In the small hallway just before the front door was a hat stand of the old·fashioned kind with a mirror and a ledge in front of the mirror. Hamish noticed that both the mirror and the ledge were dusty. He estimated they hadn’t been cleaned for some time.
He decided to return to Lochdubh and collect his pets and then go to Strathbane and read the report on the late Mr. Fleming’s death. There seemed to be a board meeting going on inside his head. One voice was wondering whether Mrs. Styles was as innocent as she would like to appear, another querying the death of Bernie Fleming, another wondering whether Elspeth was romantically involved with Luke Teviot, and suddenly another little voice asked whether Mrs. Gillespie had left a will.
♦
Hamish collected Lugs and Sonsie and drove quickly to Strathbane. At police headquarters, he sat down and switched on the computer and searched until he found the report of Bernie Fleming’s death. He read it and reread it but it seemed an open-and-shut case. Accidental death.
He went up to the detectives’ room and found Jimmy Anderson just leaving. “I’ve been checking up on Bernie Fleming’s death,” said Hamish. “Nothing there that I can see. Did Mrs. Gillespie make a will?”
“Yes, I phoned round every solicitor in Braikie until I got the right one. She left everything to her husband. Oh, and one other thing. She left a sealed packet of mementoes to be given to her friend Mrs. Samson.”
“He won’t have given it to her,” said Hamish. “I mean, he’ll have to wait for the outcome of the police enquiry.”
“As a matter of fact, he gave it to her this morning. She called at his office in a cab. He said he didn’t see the harm in it because it wasn’t money. He’s a bit young and naive.”
“We’ve got to get to Mrs. Samson fast!”
“Why?”
“Don’t you see? Mrs. Gillespie might have left her copies of the stuff she was using to blackmail people. We’ve got to get to her as quick as possible. I’ll drive. You’ve been drinking already.”
♦
Hamish put on the siren as they raced toward Braikie. “You don’t think anything could happen to her this early?” asked Jimmy, looking nervously back at Hamish’s wild cat, Sonsie.
“Even if she’s all right, we need to know what was in that package,” said Hamish. “Oh, damn it.
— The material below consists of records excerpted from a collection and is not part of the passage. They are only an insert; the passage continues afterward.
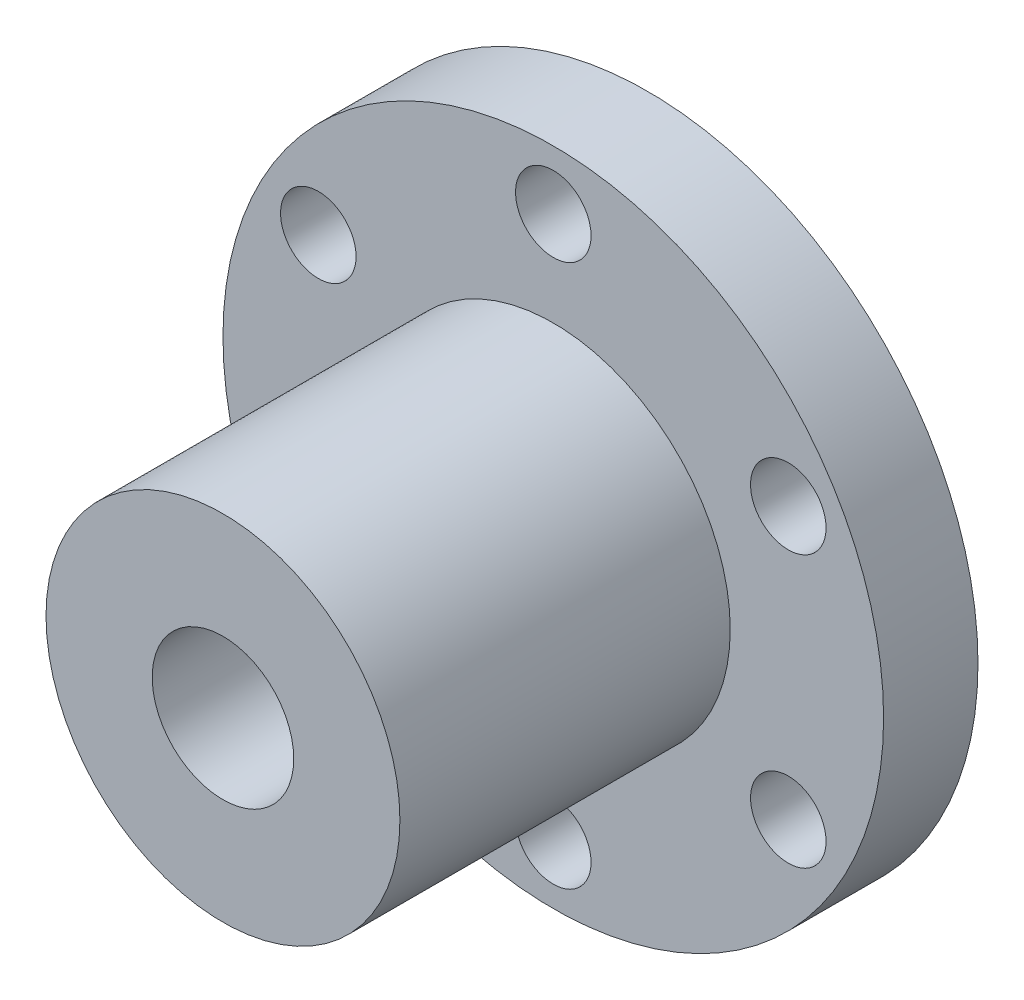
from build123d import *

# Parameters (mm, degrees)
SKETCH_1_R          = 14
EXTRUDE_1_DEPTH     = 4
SKETCH_2_R          = 7.5
EXTRUDE_2_DEPTH     = 14
CUT_EXTRUDE_1_REACH = 28.758
SKETCH_3_R          = 3
CUT_EXTRUDE_2_REACH = 26.249
SKETCH_4_R          = 1.6


with BuildPart() as part:
    # 草图1 → 凸台-拉伸1 (new body)
    with BuildSketch(Plane.XY):
        Circle(SKETCH_1_R)
    extrude(amount=EXTRUDE_1_DEPTH)

    # 草图2 → 凸台-拉伸2 (add)
    with BuildSketch(Plane.XY.offset(4)):
        Circle(SKETCH_2_R)
    extrude(amount=EXTRUDE_2_DEPTH)

    # 草图3 → 切除-拉伸1 (cut, up to next)
    with BuildSketch(Plane.XY.offset(18), mode=Mode.PRIVATE) as cut_extrude_1_sk1:
        Circle(SKETCH_3_R)
    cut_extrude_1_tool1 = extrude(cut_extrude_1_sk1.sketch, amount=-CUT_EXTRUDE_1_REACH, mode=Mode.PRIVATE) & part.part
    add(cut_extrude_1_tool1.solids().sort_by_distance((0, 0, 18))[0], mode=Mode.SUBTRACT)

    # 草图4 → 切除-拉伸2 (cut, up to next)
    with BuildSketch(Plane.XY.offset(4), mode=Mode.PRIVATE) as cut_extrude_2_sk1:
        with Locations((0, 11.5)):
            Circle(SKETCH_4_R)
    cut_extrude_2_tool1 = extrude(cut_extrude_2_sk1.sketch, amount=-CUT_EXTRUDE_2_REACH, mode=Mode.PRIVATE) & part.part
    # 草图4 → 切除-拉伸2 (cut, up to next)
    with BuildSketch(Plane.XY.offset(4), mode=Mode.PRIVATE) as cut_extrude_2_sk2:
        with Locations((9.959292144, 5.75)):
            Circle(SKETCH_4_R)
    cut_extrude_2_tool2 = extrude(cut_extrude_2_sk2.sketch, amount=-CUT_EXTRUDE_2_REACH, mode=Mode.PRIVATE) & part.part
    # 草图4 → 切除-拉伸2 (cut, up to next)
    with BuildSketch(Plane.XY.offset(4), mode=Mode.PRIVATE) as cut_extrude_2_sk3:
        with Locations((9.959292144, -5.75)):
            Circle(SKETCH_4_R)
    cut_extrude_2_tool3 = extrude(cut_extrude_2_sk3.sketch, amount=-CUT_EXTRUDE_2_REACH, mode=Mode.PRIVATE) & part.part
    # 草图4 → 切除-拉伸2 (cut, up to next)
    with BuildSketch(Plane.XY.offset(4), mode=Mode.PRIVATE) as cut_extrude_2_sk4:
        with Locations((0, -11.5)):
            Circle(SKETCH_4_R)
    cut_extrude_2_tool4 = extrude(cut_extrude_2_sk4.sketch, amount=-CUT_EXTRUDE_2_REACH, mode=Mode.PRIVATE) & part.part
    # 草图4 → 切除-拉伸2 (cut, up to next)
    with BuildSketch(Plane.XY.offset(4), mode=Mode.PRIVATE) as cut_extrude_2_sk5:
        with Locations((-9.959292144, -5.75)):
            Circle(SKETCH_4_R)
    cut_extrude_2_tool5 = extrude(cut_extrude_2_sk5.sketch, amount=-CUT_EXTRUDE_2_REACH, mode=Mode.PRIVATE) & part.part
    # 草图4 → 切除-拉伸2 (cut, up to next)
    with BuildSketch(Plane.XY.offset(4), mode=Mode.PRIVATE) as cut_extrude_2_sk6:
        with Locations((-9.959292144, 5.75)):
            Circle(SKETCH_4_R)
    cut_extrude_2_tool6 = extrude(cut_extrude_2_sk6.sketch, amount=-CUT_EXTRUDE_2_REACH, mode=Mode.PRIVATE) & part.part
    add(cut_extrude_2_tool1.solids().sort_by_distance((0, 11.5, 4))[0], mode=Mode.SUBTRACT)
    add(cut_extrude_2_tool2.solids().sort_by_distance((9.959292, 5.75, 4))[0], mode=Mode.SUBTRACT)
    add(cut_extrude_2_tool3.solids().sort_by_distance((9.959292, -5.75, 4))[0], mode=Mode.SUBTRACT)
    add(cut_extrude_2_tool4.solids().sort_by_distance((0, -11.5, 4))[0], mode=Mode.SUBTRACT)
    add(cut_extrude_2_tool5.solids().sort_by_distance((-9.959292, -5.75, 4))[0], mode=Mode.SUBTRACT)
    add(cut_extrude_2_tool6.solids().sort_by_distance((-9.959292, 5.75, 4))[0], mode=Mode.SUBTRACT)


solid = part.part
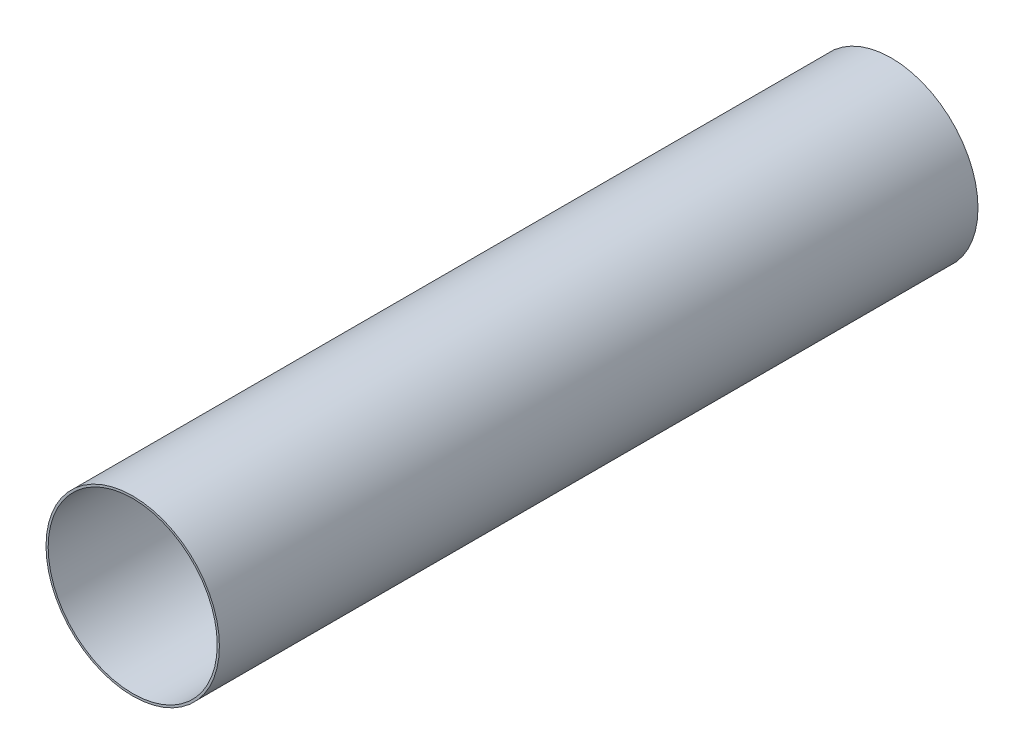
from build123d import *

# Parameters (mm, degrees)
SKETCH1_R           = 80
SKETCH1_R_2         = 78
BOSS_EXTRUDE1_DEPTH = 700


with BuildPart() as part:
    # Sketch1 → Boss-Extrude1 (new body)
    with BuildSketch(Plane.XY):
        Circle(SKETCH1_R)
        Circle(SKETCH1_R_2, mode=Mode.SUBTRACT)
    extrude(amount=BOSS_EXTRUDE1_DEPTH)


solid = part.part

Sheep on the road. Get out and chase them, Jimmy.”
“Chase them yourself. I’m your superior officer. I don’t chase sheep.”
Hamish stopped the Land Rover, and Jimmy watched, amused, as Hamish, his arms going like a windmill, sent the sheep scurrying off into a nearby field.
Hamish heaved a sigh of relief when he at last gained the shore road leading into Braikie. He screeched through the town, the siren blaring, and up to the villas where Mrs. Samson lived.
His heart sank when he turned into her street. Outside her house, it was chaos as the local fire brigade battled with the searing flames that were engulfing the house.